*** MATERIALS PROVIDED Section Begins ***

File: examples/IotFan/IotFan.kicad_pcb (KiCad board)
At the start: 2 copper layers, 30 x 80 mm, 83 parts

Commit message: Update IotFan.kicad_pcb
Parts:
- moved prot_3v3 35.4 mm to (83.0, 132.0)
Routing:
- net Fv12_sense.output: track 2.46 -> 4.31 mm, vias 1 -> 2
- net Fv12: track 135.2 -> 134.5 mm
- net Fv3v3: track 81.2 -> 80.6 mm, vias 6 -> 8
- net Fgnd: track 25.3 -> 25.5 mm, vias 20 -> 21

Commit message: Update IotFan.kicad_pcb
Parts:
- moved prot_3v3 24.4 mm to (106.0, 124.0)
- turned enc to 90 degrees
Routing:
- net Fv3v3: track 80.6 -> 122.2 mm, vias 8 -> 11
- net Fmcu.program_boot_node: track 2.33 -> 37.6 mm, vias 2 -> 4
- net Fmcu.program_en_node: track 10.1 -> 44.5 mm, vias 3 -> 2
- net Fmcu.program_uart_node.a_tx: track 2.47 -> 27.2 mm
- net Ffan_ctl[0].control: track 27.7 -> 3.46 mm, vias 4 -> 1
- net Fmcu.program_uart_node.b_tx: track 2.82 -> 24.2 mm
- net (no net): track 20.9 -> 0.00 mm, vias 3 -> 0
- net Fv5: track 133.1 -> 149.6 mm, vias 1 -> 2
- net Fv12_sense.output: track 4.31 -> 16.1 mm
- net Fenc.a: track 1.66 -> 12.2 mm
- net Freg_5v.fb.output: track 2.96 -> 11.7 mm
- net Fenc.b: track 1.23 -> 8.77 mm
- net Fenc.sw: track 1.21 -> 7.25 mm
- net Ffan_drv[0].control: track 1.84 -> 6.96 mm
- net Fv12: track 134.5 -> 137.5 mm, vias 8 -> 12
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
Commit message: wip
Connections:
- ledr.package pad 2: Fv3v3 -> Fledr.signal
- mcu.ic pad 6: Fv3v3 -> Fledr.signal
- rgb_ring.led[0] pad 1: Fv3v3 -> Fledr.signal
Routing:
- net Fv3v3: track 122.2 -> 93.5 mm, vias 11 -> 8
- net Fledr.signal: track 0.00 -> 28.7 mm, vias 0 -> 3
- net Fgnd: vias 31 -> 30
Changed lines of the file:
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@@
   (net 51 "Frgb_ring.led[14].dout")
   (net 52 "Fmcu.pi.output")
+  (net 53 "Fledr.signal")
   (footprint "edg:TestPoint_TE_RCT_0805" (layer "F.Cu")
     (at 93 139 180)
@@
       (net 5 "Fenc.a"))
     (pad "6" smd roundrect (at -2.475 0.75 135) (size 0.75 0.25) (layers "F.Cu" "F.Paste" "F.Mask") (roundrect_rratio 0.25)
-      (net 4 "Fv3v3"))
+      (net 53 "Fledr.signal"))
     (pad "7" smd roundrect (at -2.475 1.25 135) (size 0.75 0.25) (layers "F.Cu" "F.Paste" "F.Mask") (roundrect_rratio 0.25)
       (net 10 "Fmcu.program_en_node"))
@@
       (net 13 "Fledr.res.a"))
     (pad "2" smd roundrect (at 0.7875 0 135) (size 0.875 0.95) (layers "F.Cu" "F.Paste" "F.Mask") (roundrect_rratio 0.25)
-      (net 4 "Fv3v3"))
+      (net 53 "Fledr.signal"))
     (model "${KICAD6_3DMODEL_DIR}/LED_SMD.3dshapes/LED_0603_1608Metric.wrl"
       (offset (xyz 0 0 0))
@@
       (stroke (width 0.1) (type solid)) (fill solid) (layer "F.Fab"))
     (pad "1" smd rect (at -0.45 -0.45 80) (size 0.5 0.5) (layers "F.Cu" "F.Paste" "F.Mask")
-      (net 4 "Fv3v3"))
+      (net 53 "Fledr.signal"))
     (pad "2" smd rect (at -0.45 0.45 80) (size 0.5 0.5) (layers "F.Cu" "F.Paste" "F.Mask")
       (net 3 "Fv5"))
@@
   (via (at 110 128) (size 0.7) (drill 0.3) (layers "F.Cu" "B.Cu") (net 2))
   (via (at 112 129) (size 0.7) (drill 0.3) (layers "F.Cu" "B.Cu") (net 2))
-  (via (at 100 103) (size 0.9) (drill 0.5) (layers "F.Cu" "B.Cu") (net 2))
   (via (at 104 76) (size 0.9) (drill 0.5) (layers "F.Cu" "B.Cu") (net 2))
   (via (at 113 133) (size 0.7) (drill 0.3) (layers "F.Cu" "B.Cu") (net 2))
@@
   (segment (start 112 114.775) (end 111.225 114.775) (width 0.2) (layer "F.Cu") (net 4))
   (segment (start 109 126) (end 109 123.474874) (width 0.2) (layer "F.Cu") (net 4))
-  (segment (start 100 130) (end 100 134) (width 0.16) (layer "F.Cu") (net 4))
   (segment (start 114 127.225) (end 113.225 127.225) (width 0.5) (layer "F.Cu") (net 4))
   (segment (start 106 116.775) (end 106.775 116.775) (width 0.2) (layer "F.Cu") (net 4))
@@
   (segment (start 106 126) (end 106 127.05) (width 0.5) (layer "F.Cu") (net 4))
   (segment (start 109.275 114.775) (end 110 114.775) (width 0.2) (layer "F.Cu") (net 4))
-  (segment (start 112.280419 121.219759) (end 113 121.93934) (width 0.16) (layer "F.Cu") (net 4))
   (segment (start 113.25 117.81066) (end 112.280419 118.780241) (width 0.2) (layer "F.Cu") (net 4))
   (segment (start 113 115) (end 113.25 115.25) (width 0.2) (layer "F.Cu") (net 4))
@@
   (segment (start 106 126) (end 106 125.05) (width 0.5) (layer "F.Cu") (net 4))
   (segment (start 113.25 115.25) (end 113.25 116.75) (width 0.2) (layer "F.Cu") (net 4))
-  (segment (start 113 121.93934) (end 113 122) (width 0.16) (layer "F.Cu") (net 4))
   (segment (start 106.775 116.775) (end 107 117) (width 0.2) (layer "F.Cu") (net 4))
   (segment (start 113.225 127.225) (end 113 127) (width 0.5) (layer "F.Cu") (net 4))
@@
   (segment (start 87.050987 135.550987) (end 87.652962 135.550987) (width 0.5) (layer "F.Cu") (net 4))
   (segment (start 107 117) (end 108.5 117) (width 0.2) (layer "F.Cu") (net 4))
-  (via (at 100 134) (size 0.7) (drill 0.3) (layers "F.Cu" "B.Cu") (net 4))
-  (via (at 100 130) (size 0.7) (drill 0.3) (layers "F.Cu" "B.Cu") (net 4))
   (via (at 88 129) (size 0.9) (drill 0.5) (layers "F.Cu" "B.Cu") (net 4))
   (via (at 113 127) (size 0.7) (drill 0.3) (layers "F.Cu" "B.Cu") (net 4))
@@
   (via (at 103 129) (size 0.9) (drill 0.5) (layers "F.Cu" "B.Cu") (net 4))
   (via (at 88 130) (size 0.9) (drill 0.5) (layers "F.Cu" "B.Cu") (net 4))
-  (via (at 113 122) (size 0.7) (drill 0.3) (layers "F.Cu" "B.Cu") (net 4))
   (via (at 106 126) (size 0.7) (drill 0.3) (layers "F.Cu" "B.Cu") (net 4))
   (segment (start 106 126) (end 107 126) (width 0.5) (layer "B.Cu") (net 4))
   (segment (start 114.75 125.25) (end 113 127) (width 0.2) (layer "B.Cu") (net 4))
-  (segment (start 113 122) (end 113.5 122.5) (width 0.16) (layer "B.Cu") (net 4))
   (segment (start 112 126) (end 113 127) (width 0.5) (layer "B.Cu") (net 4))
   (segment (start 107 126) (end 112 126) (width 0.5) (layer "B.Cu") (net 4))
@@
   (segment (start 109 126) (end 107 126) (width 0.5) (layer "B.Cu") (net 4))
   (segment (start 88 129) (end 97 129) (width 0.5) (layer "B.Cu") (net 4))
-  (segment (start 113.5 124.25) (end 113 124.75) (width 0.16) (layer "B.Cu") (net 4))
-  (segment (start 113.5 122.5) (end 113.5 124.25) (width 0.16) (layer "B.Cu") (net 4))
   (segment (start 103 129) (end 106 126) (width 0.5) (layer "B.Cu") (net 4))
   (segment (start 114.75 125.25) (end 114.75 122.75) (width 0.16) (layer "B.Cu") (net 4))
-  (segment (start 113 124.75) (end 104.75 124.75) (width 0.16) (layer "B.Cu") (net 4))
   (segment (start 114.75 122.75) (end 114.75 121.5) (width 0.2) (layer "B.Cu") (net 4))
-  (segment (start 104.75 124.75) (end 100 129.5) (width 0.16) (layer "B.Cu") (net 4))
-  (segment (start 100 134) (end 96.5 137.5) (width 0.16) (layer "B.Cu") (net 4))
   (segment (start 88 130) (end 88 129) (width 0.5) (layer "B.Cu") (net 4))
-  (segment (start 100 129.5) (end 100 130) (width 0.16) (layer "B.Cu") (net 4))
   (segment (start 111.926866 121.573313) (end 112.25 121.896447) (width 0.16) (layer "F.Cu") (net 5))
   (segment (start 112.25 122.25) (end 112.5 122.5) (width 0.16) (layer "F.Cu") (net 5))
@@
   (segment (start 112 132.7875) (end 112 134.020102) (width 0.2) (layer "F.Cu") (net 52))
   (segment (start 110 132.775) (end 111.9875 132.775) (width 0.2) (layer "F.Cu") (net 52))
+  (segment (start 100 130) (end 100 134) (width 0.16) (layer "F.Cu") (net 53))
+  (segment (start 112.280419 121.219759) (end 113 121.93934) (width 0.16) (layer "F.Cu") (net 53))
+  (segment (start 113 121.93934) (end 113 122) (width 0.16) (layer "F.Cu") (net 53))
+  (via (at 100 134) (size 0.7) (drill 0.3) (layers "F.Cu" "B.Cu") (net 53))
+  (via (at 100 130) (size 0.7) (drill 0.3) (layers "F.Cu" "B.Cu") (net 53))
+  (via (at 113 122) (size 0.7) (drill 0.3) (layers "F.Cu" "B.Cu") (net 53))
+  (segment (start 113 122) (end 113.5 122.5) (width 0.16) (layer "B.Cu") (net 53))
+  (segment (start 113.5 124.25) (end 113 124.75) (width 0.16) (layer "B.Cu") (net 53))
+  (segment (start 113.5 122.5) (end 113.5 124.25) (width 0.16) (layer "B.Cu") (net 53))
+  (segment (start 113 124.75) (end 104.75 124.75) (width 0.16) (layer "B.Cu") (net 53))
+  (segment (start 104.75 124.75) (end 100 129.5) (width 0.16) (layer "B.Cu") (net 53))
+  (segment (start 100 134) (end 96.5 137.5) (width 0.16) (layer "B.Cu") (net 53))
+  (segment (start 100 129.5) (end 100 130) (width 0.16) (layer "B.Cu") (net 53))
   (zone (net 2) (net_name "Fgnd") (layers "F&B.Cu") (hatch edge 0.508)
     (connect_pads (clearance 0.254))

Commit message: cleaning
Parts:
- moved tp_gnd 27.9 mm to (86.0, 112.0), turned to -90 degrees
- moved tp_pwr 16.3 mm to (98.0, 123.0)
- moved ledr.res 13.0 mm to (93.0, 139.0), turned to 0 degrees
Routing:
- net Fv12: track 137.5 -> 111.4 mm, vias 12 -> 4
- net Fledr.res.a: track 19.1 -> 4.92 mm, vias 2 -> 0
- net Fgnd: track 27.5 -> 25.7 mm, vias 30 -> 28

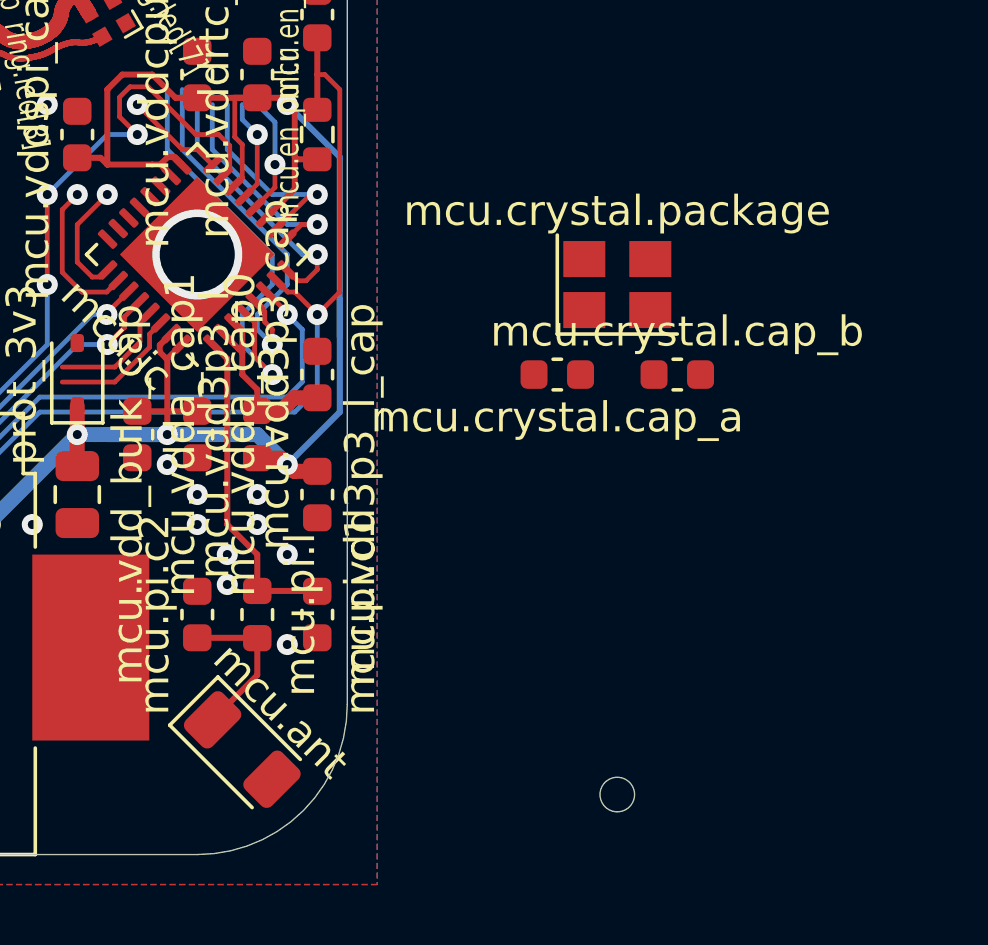
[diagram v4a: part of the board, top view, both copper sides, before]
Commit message: wip smaller xtal
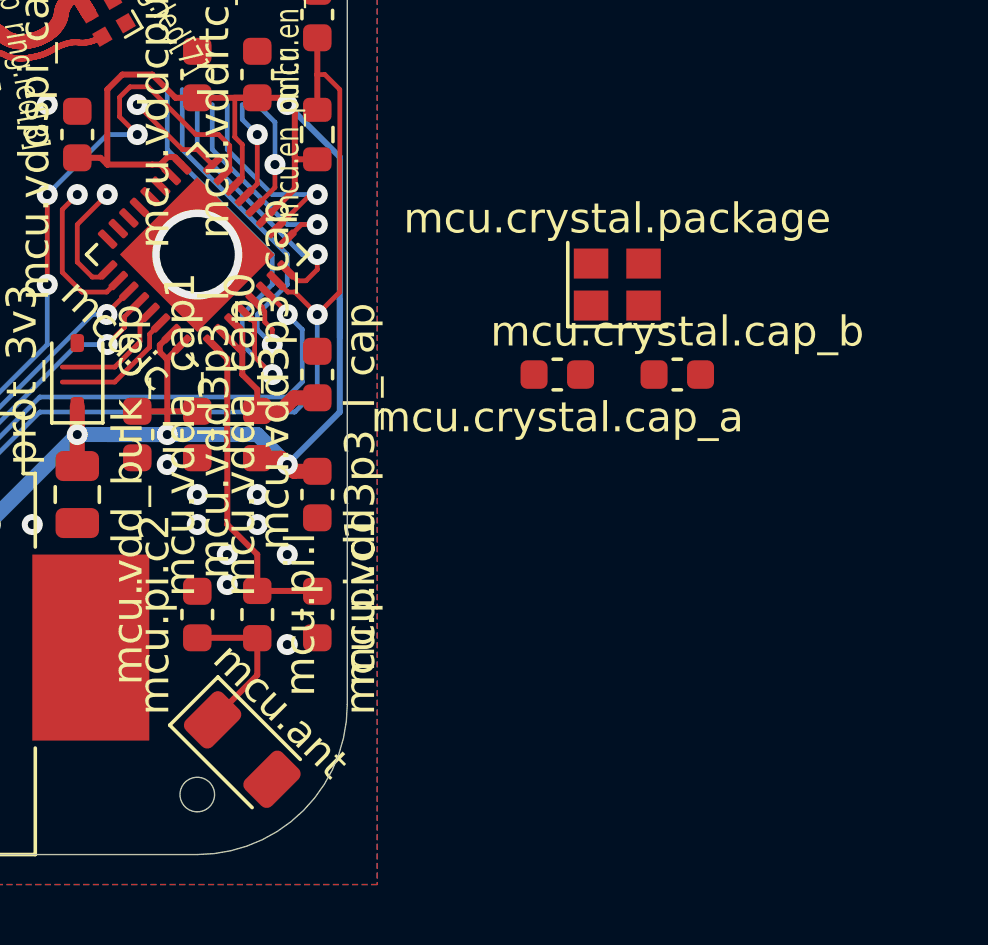
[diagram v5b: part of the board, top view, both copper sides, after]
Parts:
- mcu.crystal.package: value (none) -> TXM40M0004252HBCEO00T (TAE(Zhejiang Abel Elec)) - SMD2520-4P Crystals ROHS; footprint Crystal:Crystal_SMD_3225-4Pin_3.2x2.5mm -> Crystal:Crystal_SMD_2520-4Pin_2.5x2.0mm
- moved jlc_th.th1 14.0 mm to (110.0, 138.0)
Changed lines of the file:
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@@
   )
   (footprint "edg:JlcToolingHole_1.152mm" (layer "F.Cu")
-    (at 124 138)
+    (at 110 138)
     (descr "Tooling holes for JLC assembly, 1.152 mm hole + 1.3mm soldermask opening")
     (property "Sheetfile" "edg.BoardTop.JlcToolingHoles")
@@
     )
   )
-  (footprint "Crystal:Crystal_SMD_3225-4Pin_3.2x2.5mm" (layer "F.Cu")
+  (footprint "Crystal:Crystal_SMD_2520-4Pin_2.5x2.0mm" (layer "F.Cu")
     (at 124 121)
-    (descr "SMD Crystal SERIES SMD3225/4 http://www.txccrystal.com/images/pdf/7m-accuracy.pdf, 3.2x2.5mm^2 package")
+    (descr "SMD Crystal SERIES SMD2520/4 http://www.newxtal.com/UploadFiles/Images/2012-11-12-09-29-09-776.pdf, 2.5x2.0mm^2 package")
     (tags "SMD SMT crystal")
     (property "Sheetfile" "electronics_abstract_parts.AbstractCrystal.OscillatorCrystal")
     (property "Sheetname" "crystal")
-    (property "edg_part" "X322540MPB4SI (Yangxing Tech)")
+    (property "edg_part" "TXM40M0004252HBCEO00T (TAE(Zhejiang Abel Elec))")
     (property "edg_path" "mcu.crystal.package")
     (property "edg_refdes" "FX1")
     (property "edg_short_path" "mcu.crystal.package")
     (attr smd)
-    (fp_text reference "mcu.crystal.package" (at 0 -2.45) (layer "F.SilkS")
-        (effects (font (size 1 1) (thickness 0.15)))
-    )
-    (fp_text value "" (at 0 2.45) (layer "F.Fab")
+    (fp_text reference "mcu.crystal.package" (at 0 -2.2) (layer "F.SilkS")
+        (effects (font (size 1 1) (thickness 0.15)))
+    )
+    (fp_text value "TXM40M0004252HBCEO00T (TAE(Zhejiang Abel Elec)) - SMD2520-4P Crystals ROHS" (at 0 2.2) (layer "F.Fab")
         (effects (font (size 1 1) (thickness 0.15)))
     )
     (fp_text user "${REFERENCE}" (at 0 0) (layer "F.Fab")
-        (effects (font (size 0.7 0.7) (thickness 0.105)))
-    )
-    (fp_line (start -2 -1.65) (end -2 1.65)
-      (stroke (width 0.12) (type solid)) (layer "F.SilkS"))
-    (fp_line (start -2 1.65) (end 2 1.65)
-      (stroke (width 0.12) (type solid)) (layer "F.SilkS"))
-    (fp_line (start -2.1 -1.7) (end -2.1 1.7)
-      (stroke (width 0.05) (type solid)) (layer "F.CrtYd"))
-    (fp_line (start -2.1 1.7) (end 2.1 1.7)
-      (stroke (width 0.05) (type solid)) (layer "F.CrtYd"))
-    (fp_line (start 2.1 -1.7) (end -2.1 -1.7)
-      (stroke (width 0.05) (type solid)) (layer "F.CrtYd"))
-    (fp_line (start 2.1 1.7) (end 2.1 -1.7)
-      (stroke (width 0.05) (type solid)) (layer "F.CrtYd"))
-    (fp_line (start -1.6 -1.25) (end -1.6 1.25)
-      (stroke (width 0.1) (type solid)) (layer "F.Fab"))
-    (fp_line (start -1.6 0.25) (end -0.6 1.25)
-      (stroke (width 0.1) (type solid)) (layer "F.Fab"))
-    (fp_line (start -1.6 1.25) (end 1.6 1.25)
-      (stroke (width 0.1) (type solid)) (layer "F.Fab"))
-    (fp_line (start 1.6 -1.25) (end -1.6 -1.25)
-      (stroke (width 0.1) (type solid)) (layer "F.Fab"))
-    (fp_line (start 1.6 1.25) (end 1.6 -1.25)
-      (stroke (width 0.1) (type solid)) (layer "F.Fab"))
-    (pad "1" smd rect (at -1.1 0.85) (size 1.4 1.2) (layers "F.Cu" "F.Paste" "F.Mask")
+        (effects (font (size 0.6 0.6) (thickness 0.09)))
+    )
+    (fp_line (start -1.65 -1.4) (end -1.65 1.4)
+      (stroke (width 0.12) (type solid)) (layer "F.SilkS"))
+    (fp_line (start -1.65 1.4) (end 1.65 1.4)
+      (stroke (width 0.12) (type solid)) (layer "F.SilkS"))
+    (fp_line (start -1.7 -1.5) (end -1.7 1.5)
+      (stroke (width 0.05) (type solid)) (layer "F.CrtYd"))
+    (fp_line (start -1.7 1.5) (end 1.7 1.5)
+      (stroke (width 0.05) (type solid)) (layer "F.CrtYd"))
+    (fp_line (start 1.7 -1.5) (end -1.7 -1.5)
+      (stroke (width 0.05) (type solid)) (layer "F.CrtYd"))
+    (fp_line (start 1.7 1.5) (end 1.7 -1.5)
+      (stroke (width 0.05) (type solid)) (layer "F.CrtYd"))
+    (fp_line (start -1.25 -0.9) (end -1.15 -1)
+      (stroke (width 0.1) (type solid)) (layer "F.Fab"))
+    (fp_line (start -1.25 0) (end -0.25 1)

*** MATERIALS PROVIDED Section Ends ***

What you output must match the lines from the beginning of the material through the line with "- net Fgnd: track 25.3" exactly, both ends included.

== ANSWER SECTION ==
File: examples/IotFan/IotFan.kicad_pcb (KiCad board)
At the start: 2 copper layers, 30 x 80 mm, 83 parts

Commit message: Update IotFan.kicad_pcb
Parts:
- moved prot_3v3 35.4 mm to (83.0, 132.0)
Routing:
- net Fv12_sense.output: track 2.46 -> 4.31 mm, vias 1 -> 2
- net Fv12: track 135.2 -> 134.5 mm
- net Fv3v3: track 81.2 -> 80.6 mm, vias 6 -> 8
- net Fgnd: track 25.3 -> 25.5 mm, vias 20 -> 21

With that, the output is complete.